### YOUR ASSIGNMENT:
Retrieve every line from the records in which the word "fillet" occurs.

(Stored items from a collection)
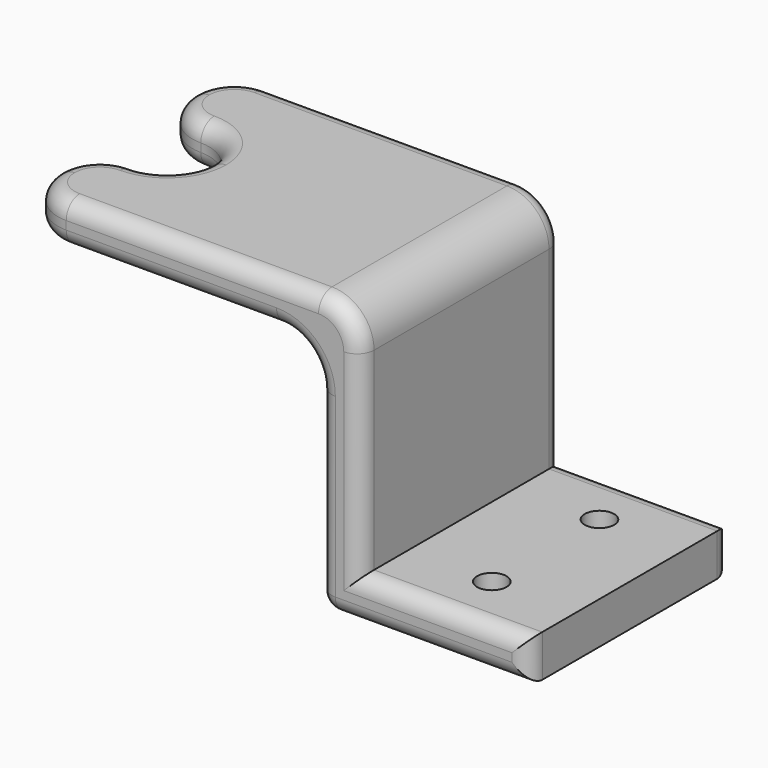
from build123d import *

# Parameters (mm, degrees)
F0_W      = 40
F0_H      = 30
F1_DEPTH  = 5
F2_W      = 10
F2_H      = 10
F3_DEPTH  = 25
F4_W      = 5
F4_H      = 30
F5_DEPTH  = 28
F6_W      = 30
F6_H      = 5
F7_DEPTH  = 20
F8_R      = 4.99999
F9_R      = 2
F10_R     = 1.75
F11_DEPTH = 25


# Not quite as in the source:
# - a fillet or chamfer is up to 0.001 mm smaller than in the source, because OpenCascade refuses the exact size


with BuildPart() as f1:
    # F0 (on Top) → F1 (new body)
    with BuildSketch(Plane.XY):
        Rectangle(F0_W, F0_H)
    extrude(amount=F1_DEPTH)

    # F2 (on face) → F3 (cut)
    with BuildSketch(Plane.XY.offset(5)):
        with Locations((-15, 0)):
            Rectangle(F2_W, F2_H)
    extrude(amount=-F3_DEPTH, mode=Mode.SUBTRACT)

    # F4 (on face) → F5 (join)
    with BuildSketch(Plane(origin=(0, 0, 0), x_dir=(1, 0, 0), z_dir=(0, 0, -1))):
        with Locations((17.5, 0)):
            Rectangle(F4_W, F4_H)
    extrude(amount=F5_DEPTH)

    # F6 (on face) → F7 (join)
    with BuildSketch(Plane.YZ.offset(20)):
        with Locations((0, -25.5)):
            Rectangle(F6_W, F6_H)
    extrude(amount=F7_DEPTH)

    # F8 (radius 5 in the source; OpenCascade refuses exactly that, so slightly less here)
    f8_edges = [f1.edges().sort_by_distance(p)[0] for p in [
        (-20, 5, 2.5),
        (-20, -5, 2.5),
        (-20, -15, 2.5),
        (-20, 15, 2.5),
        (20, 0, 5),
        (-10, -5, 2.5),
        (-10, 5, 2.5),
        (15, 0, 0),
    ]]
    fillet(f8_edges, radius=F8_R)

    # F9
    f9_edges = [f1.edges().sort_by_distance(p)[0] for p in [
        (0, -15, 5),
        (-18.535537, -13.535537, 5),
        (15.00001, 0, 5),
        (-20, -10, 5),
        (0, 15, 5),
        (-18.535537, -6.464463, 5),
        (-18.535537, 13.535537, 5),
        (-15, -5, 5),
        (-20, 10, 5),
        (-11.464463, -3.535537, 5),
        (-18.535537, 6.464463, 5),
        (-10, 0, 5),
        (-15, 5, 5),
        (-11.464463, 3.535537, 5),
        (15, -15, -16.499995),
        (15, 0, -28),
        (-15.00001, -15, 2.5),
        (18.535537, -15, 3.535537),
        (-2.5, -15, 0),
        (20, -15, -11.499995),
        (13.535537, -15, -1.464463),
        (30, -15, -23),
        (40, -15, -25.5),
        (27.5, -15, -28),
        (20, 15, -11.499995),
        (18.535537, 15, 3.535537),
        (30, 15, -23),
        (40, 15, -25.5),
        (-15.00001, 15, 2.5),
        (27.5, 15, -28),
        (-2.5, 15, 0),
        (15, 15, -16.499995),
        (13.535537, 15, -1.464463),
    ]]
    fillet(f9_edges, radius=F9_R)

    # F10 (on face) → F11 (cut)
    with BuildSketch(Plane.XY.offset(-23)):
        with Locations((30, -8)):
            Circle(F10_R)
        with Locations((30, 8)):
            Circle(F10_R)
    extrude(amount=-F11_DEPTH, mode=Mode.SUBTRACT)


solid = f1.part

### TASK SOLUTION:
# - a fillet or chamfer is up to 0.001 mm smaller than in the source, because OpenCascade refuses the exact size
    fillet(f8_edges, radius=F8_R)
    fillet(f9_edges, radius=F9_R)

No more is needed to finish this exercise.